Records from a dataset
=== Section Start ===
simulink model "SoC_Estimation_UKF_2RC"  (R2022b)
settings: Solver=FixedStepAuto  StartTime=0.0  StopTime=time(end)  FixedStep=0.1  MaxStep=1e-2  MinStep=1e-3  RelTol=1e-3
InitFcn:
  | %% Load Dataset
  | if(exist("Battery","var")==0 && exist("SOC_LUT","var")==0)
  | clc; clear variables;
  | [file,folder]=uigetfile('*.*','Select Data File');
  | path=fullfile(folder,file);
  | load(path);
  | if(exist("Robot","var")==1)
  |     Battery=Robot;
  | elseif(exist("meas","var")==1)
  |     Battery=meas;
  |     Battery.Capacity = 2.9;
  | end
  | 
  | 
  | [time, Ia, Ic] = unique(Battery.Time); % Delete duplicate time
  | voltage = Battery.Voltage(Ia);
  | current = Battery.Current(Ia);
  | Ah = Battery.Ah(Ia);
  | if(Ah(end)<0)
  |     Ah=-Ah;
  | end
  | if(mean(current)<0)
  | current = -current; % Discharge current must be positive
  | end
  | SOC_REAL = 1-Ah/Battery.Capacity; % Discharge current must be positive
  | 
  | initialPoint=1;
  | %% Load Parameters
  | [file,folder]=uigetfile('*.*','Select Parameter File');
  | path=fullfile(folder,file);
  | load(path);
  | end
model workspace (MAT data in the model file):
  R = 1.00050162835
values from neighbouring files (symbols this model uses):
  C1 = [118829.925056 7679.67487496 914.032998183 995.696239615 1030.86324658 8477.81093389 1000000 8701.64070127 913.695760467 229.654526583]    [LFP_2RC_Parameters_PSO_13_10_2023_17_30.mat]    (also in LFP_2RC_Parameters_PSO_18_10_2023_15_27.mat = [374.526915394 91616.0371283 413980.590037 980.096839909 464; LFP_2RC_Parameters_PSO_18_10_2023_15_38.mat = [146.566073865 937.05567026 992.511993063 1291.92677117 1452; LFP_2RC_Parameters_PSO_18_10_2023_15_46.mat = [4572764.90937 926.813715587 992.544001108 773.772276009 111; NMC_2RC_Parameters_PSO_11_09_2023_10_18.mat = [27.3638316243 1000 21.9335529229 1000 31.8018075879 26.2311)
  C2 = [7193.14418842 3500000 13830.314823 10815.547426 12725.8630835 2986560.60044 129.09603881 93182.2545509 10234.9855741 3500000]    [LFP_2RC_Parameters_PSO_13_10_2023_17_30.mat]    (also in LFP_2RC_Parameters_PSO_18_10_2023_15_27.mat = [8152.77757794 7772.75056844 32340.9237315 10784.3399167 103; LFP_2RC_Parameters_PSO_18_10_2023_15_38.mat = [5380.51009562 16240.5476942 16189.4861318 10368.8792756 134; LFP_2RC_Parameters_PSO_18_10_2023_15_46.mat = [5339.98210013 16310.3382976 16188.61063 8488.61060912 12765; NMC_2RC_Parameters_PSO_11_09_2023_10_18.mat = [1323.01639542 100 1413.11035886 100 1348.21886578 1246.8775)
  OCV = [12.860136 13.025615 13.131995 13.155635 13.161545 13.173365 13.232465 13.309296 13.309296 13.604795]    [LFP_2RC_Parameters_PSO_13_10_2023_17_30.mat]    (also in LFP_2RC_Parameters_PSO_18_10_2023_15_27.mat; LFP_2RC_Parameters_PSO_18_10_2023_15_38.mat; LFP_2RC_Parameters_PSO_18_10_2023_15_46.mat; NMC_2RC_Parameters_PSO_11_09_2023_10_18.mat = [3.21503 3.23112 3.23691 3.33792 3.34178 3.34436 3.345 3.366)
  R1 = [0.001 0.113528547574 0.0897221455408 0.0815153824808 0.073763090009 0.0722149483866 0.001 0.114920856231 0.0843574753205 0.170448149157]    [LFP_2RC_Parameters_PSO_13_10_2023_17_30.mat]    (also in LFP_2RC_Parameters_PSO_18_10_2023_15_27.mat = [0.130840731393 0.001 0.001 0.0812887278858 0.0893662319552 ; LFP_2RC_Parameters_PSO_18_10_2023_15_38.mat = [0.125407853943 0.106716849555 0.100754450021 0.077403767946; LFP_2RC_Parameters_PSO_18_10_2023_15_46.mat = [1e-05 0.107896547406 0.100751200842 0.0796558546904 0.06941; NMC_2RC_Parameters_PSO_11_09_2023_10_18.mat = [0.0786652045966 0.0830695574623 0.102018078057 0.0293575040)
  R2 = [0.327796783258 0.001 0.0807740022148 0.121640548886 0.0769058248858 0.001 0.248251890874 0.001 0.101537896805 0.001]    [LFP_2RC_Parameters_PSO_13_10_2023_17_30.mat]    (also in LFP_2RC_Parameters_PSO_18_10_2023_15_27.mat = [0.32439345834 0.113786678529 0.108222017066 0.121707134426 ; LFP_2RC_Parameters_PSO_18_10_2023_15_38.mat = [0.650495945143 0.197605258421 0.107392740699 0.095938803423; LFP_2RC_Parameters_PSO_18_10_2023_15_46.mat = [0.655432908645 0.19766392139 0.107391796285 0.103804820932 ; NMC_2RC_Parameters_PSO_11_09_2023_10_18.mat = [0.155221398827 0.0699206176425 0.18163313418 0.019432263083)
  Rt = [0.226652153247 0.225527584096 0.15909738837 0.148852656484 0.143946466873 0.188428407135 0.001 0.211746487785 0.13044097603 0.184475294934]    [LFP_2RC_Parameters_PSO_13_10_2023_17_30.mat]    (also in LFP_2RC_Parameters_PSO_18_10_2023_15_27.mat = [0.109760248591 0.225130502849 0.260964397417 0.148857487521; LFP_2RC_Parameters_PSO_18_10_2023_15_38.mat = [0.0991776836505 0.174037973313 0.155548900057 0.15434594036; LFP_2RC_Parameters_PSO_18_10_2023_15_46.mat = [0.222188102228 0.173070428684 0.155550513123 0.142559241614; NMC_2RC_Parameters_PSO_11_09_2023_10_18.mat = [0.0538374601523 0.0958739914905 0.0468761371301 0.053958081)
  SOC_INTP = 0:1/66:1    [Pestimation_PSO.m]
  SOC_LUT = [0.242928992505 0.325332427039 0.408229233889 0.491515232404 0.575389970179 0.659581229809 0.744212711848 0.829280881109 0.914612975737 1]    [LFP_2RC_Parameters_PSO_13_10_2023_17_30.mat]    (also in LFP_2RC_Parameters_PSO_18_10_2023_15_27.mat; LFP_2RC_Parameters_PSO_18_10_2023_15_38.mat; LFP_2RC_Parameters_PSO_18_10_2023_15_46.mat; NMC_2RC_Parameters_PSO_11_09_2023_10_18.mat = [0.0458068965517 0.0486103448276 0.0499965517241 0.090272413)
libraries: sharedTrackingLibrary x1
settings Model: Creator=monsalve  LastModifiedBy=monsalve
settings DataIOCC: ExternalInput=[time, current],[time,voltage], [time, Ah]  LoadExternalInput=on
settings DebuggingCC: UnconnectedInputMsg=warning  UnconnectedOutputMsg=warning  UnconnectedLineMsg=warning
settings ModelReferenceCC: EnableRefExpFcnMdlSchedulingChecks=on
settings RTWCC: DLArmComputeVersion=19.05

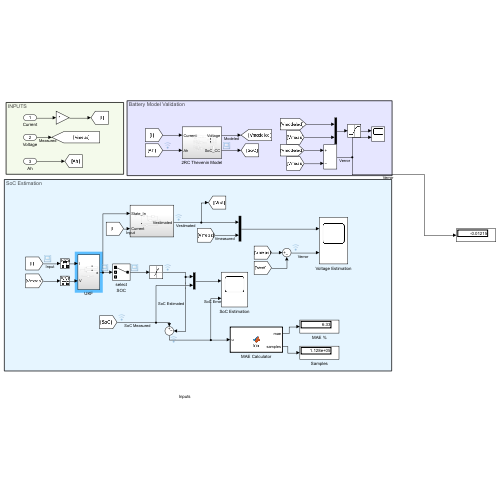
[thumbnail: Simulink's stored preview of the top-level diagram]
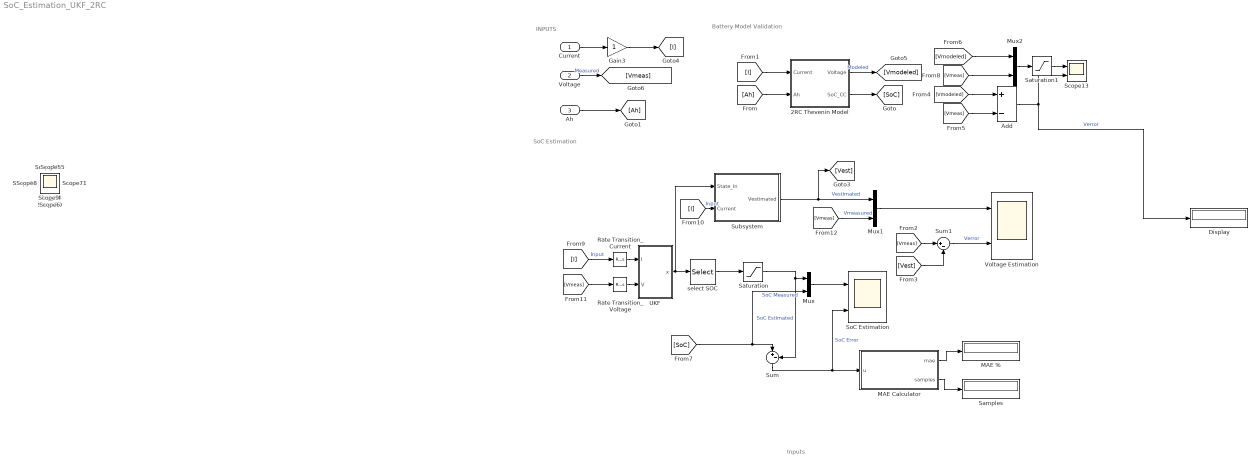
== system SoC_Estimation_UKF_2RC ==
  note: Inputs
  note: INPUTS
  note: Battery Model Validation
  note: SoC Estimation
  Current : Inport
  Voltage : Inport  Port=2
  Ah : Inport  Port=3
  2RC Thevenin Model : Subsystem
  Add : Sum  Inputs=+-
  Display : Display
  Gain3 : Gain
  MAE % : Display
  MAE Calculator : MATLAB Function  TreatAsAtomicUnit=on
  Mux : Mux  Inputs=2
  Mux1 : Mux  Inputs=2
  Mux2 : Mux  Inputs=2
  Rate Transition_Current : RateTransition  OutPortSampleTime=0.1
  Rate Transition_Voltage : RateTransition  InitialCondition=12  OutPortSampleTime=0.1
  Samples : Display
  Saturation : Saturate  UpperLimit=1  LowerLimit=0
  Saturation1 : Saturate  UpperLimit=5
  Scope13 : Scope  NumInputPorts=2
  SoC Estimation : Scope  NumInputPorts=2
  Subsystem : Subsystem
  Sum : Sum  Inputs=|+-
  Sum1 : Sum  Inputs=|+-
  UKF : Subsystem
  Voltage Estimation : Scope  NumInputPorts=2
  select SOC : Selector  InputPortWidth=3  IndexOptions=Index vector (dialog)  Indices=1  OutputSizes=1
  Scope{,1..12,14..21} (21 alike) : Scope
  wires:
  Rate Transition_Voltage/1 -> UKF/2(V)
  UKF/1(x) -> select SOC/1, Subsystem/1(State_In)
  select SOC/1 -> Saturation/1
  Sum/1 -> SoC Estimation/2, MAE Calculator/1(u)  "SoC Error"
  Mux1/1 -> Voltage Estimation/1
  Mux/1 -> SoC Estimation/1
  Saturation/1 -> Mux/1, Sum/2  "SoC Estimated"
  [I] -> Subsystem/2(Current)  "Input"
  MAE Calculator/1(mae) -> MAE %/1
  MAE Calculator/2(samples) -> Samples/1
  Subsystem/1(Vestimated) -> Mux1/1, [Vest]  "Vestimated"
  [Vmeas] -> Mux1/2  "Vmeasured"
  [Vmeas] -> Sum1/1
=== Section End ===
▸ Exercise objective: Bring together each line above where the string "NumInputPorts" turns up.

▸ Result for this exercise:
  Scope13 : Scope  NumInputPorts=2
  SoC Estimation : Scope  NumInputPorts=2
  Voltage Estimation : Scope  NumInputPorts=2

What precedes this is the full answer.